Project Description
individual income tax individual income tax individual income tax individual income tax individual income tax individual income tax
Taxpayer - Resident/Non-resident
For tax purposes, all individuals including aliens (foreigners) in Korea are considered to be either residents or non-residents, regardless of nationality.
Under the Individual Income Tax Law of Korea (“IITL”), a resident is a person who has his/her domicile in Korea or a place of residence for 183 days or more in Korea. Generally, residency is determined by a “facts and circumstances” test evaluated on an individual basis. An individual who falls within in the following cases is deemed to have a domicile in Korea and considered as a resident.
- Who has an occupation that would customarily require him or her to reside in Korea for 183 days or more; or
- Who has his/her family member who makes a living together with him/her in Korea and is deemed to continually reside in Korea for at least 183 days in view of his/her occupation or property status.
A non-resident is an individual who is not deemed to be a resident. For individuals from countries which have tax treaties with Korea, the definition of residency may be governed by the applicable tax treaty.
Taxable Income
Korean citizens and foreigners who are considered to be residents for tax purposes are subject to taxation on worldwide income derived from sources both inside and outside of Korea. The income includes global income [employment (earned) income, business profits, real estate rental income, pension, dividend, interest and other income], severance pay, and capital gains.
However, in the case where the period that a foreigner, who is a tax resident of Korea, has his address or abode in Korea does not exceed 5 years in aggregate during the past 10 years from the end of the concerned tax year, his/her foreign source income shall be taxed in Korea only if such income is paid in Korea or such income is remitted into Korea.
A foreigner deemed to be a non-resident is taxed only on income derived from sources within Korea, including wages and salaries earned in Korea, unless a tax treaty to which the individual is subject indicates otherwise.
Tax Rates
Annual Taxable Income (KRW) | Tax Rates (From 2018) |
---|---|
Up to 12 million | 6% |
Over 12 million – up to 46 million | 15% |
Over 46 million – up to 88 million | 24% |
Over 88 million – up to 150 million | 35% |
Over 150 million – up to 300 million | 38% |
Over 300 million – up to 500 million | 40% |
Over 500 million | 42% |
In addition to these tax rates, there is a local income tax of 10% on income tax liability.
Application of Flat Tax Rate for Foreign Expatriate
The foreign expatriate officers and employees are eligible to apply a flat income tax rate of 19% (plus local income tax) instead of the progressive income tax rates ranging from 6 to 42% plus local income tax. In order to apply the flat income tax rate, an application must be filed separately. However, when choosing the flat income tax rate, the expatriate officer or employee concerned must give up all the existing available benefits including nontaxable income treatment, tax reduction and tax exemption relating to income taxes.
Earned Income
Generally, earned income consists of all payments that an individual receives as remuneration, regardless of form. Such income includes wages, salaries, bonuses, commissions, and any other allowances of a similar nature received in return for personal services rendered. The IITL identifies earned income as either Class A or Class B depending on the income source.

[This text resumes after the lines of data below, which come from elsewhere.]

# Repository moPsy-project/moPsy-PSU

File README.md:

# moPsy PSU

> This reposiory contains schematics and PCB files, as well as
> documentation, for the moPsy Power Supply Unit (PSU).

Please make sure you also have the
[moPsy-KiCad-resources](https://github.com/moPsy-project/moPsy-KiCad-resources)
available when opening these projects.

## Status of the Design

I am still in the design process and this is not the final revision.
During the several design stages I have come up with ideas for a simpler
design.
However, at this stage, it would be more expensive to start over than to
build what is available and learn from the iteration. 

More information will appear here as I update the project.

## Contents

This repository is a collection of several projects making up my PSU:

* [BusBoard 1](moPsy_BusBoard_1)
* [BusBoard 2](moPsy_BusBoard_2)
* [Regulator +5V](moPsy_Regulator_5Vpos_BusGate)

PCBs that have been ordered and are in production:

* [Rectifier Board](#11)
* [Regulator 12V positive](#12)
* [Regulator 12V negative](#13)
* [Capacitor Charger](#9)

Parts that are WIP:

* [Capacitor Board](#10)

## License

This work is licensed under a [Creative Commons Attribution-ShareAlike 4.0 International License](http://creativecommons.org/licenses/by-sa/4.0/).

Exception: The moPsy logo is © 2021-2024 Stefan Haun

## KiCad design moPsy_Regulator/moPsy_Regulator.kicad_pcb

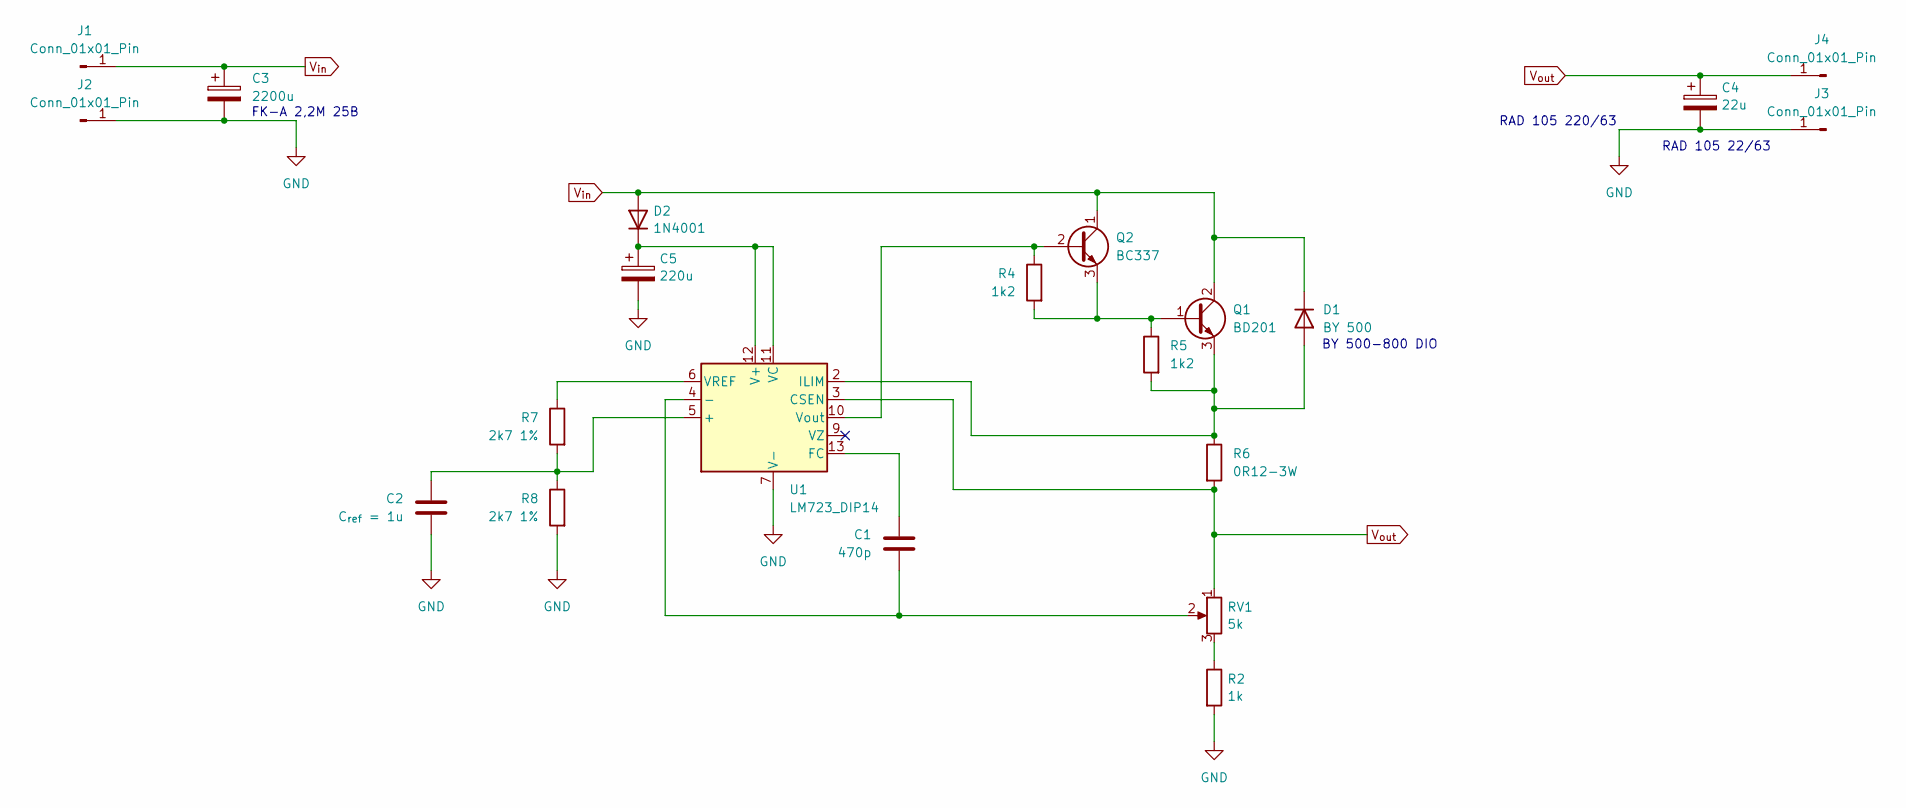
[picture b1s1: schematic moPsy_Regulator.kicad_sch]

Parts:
C1: 470p; C_Disc_D4.3mm_W1.9mm_P5.00mm
C2: C_{ref} = 1u; C_Disc_D4.3mm_W1.9mm_P5.00mm
C3: 2200u; CP_Radial_D16.0mm_P7.50mm
C4: 22u; CP_Radial_D6.3mm_P2.50mm
C5: 220u; CP_Radial_D10.0mm_P5.00mm
D1: BY 500; D_DO-201_P12.70mm_Horizontal
D2: 1N4001; D_DO-41_SOD81_P7.62mm_Horizontal
J1, J2, J3, J4: Conn_01x01_Pin; Connector FS-P475
Q1: BD201; TO-220-3_Vertical
Q2: BC337; TO-92_HandSolder
R2: 1k; R_Axial_DIN0207_L6.3mm_D2.5mm_P7.62mm_Horizontal
R4, R5: 1k2; R_Axial_DIN0207_L6.3mm_D2.5mm_P7.62mm_Horizontal
R6: 0R12-3W; R_Axial_DIN0614_L14.3mm_D5.7mm_P15.24mm_Horizontal
R7, R8: 2k7 1%; R_Axial_DIN0207_L6.3mm_D2.5mm_P7.62mm_Horizontal
RV1: 5k; Potentiometer_Piher_PT-10-V10_Vertical
U1: LM723_DIP14; DIP-14_W7.62mm_LongPads

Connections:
GND: C2.2, C3.2, C4.2, C5.2, J2.1, J3.1, R2.2, R8.2, U1.7 (V-)
unnamed: D1.2 (A), Q1.3 (E), R5.2, R6.1, U1.2 (ILIM)
unnamed: C5.1, D2.1 (K), U1.11 (VC), U1.12 (V+)
unnamed: Q1.1 (B), Q2.3 (E), R4.2, R5.1
unnamed: Q2.2 (B), R4.1, U1.10 (Vout)
unnamed: R2.1, RV1.3
unnamed: C2.1, R7.2, R8.1, U1.5 (+)
unnamed: C1.2, RV1.2, U1.4 (-)
unnamed: C1.1, U1.13 (FC)
unnamed: R7.1, U1.6 (VREF)
V_{in}: C3.1, D1.1 (K), D2.2 (A), J1.1, Q1.2 (C), Q2.1 (C)
V_{out}: C4.1, J4.1, R6.2, RV1.1, U1.3 (CSEN)

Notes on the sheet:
BY 500-800 DIO
RAD 105 22/63
RAD 105 220/63
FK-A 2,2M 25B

Class A earned income is wage income received or accrued from a domestic employer, including a branch office or a representative office in Korea. Such income is subject to payroll withholding taxes by the employer or payer on a monthly basis.
Class B earned income is wage income received from a foreign employer outside Korea. Under the Class B payment arrangement, the payments must be borne by the foreign employer outside Korea and should not be charged back to its permanent establishment in Korea. Once charged back and included in P&L of the Korean PE, the payment will be treated as Class A wage income to the employees in Korea. The foreign employer is not required to withhold Korean taxes on Class B income at the time of payment. Instead, the individual is required to declare this income annually and pay income taxes thereon on a voluntary basis. Alternatively, the individual may elect to pay Class B income taxes through a Class B taxpayers’ association, which collects and remits such taxes on a monthly basis. Taxpayers who join such a Class B taxpayers’ association and meet the monthly payment obligations receive a 10% reduction in the amount of income tax payable.
Year-end Tax Settlement for Earned Income
Tax liability of employee’s earned income for the year is settled and finalized through the year-end tax settlement by the withholding agent (employer for Class A income or Class B taxpayers’ association for Class B income) at the end of the year.
In case an employee has both Class A income and Class B income declared to the Class B taxpayers’ association, the employer who pays Class A income may finalize the employee’s tax liability by including Class B income in the year-end tax settlement.
If a taxpayer has only Class A or Class B earned income subject to the year-end tax settlement, the taxpayer is not required to file a global income tax return which is due on or before May 31 of the following year.
Global Income Tax Return
A taxpayer having more than one source of income (Class A or Class B earned income subject to the year-end tax settlement) is required to file a global income tax return for the year and pay taxes due on such income on or before May 31 of the following year or prior to permanently leaving Korea. Under the global income tax return, all global incomes are aggregated and taxed progressively.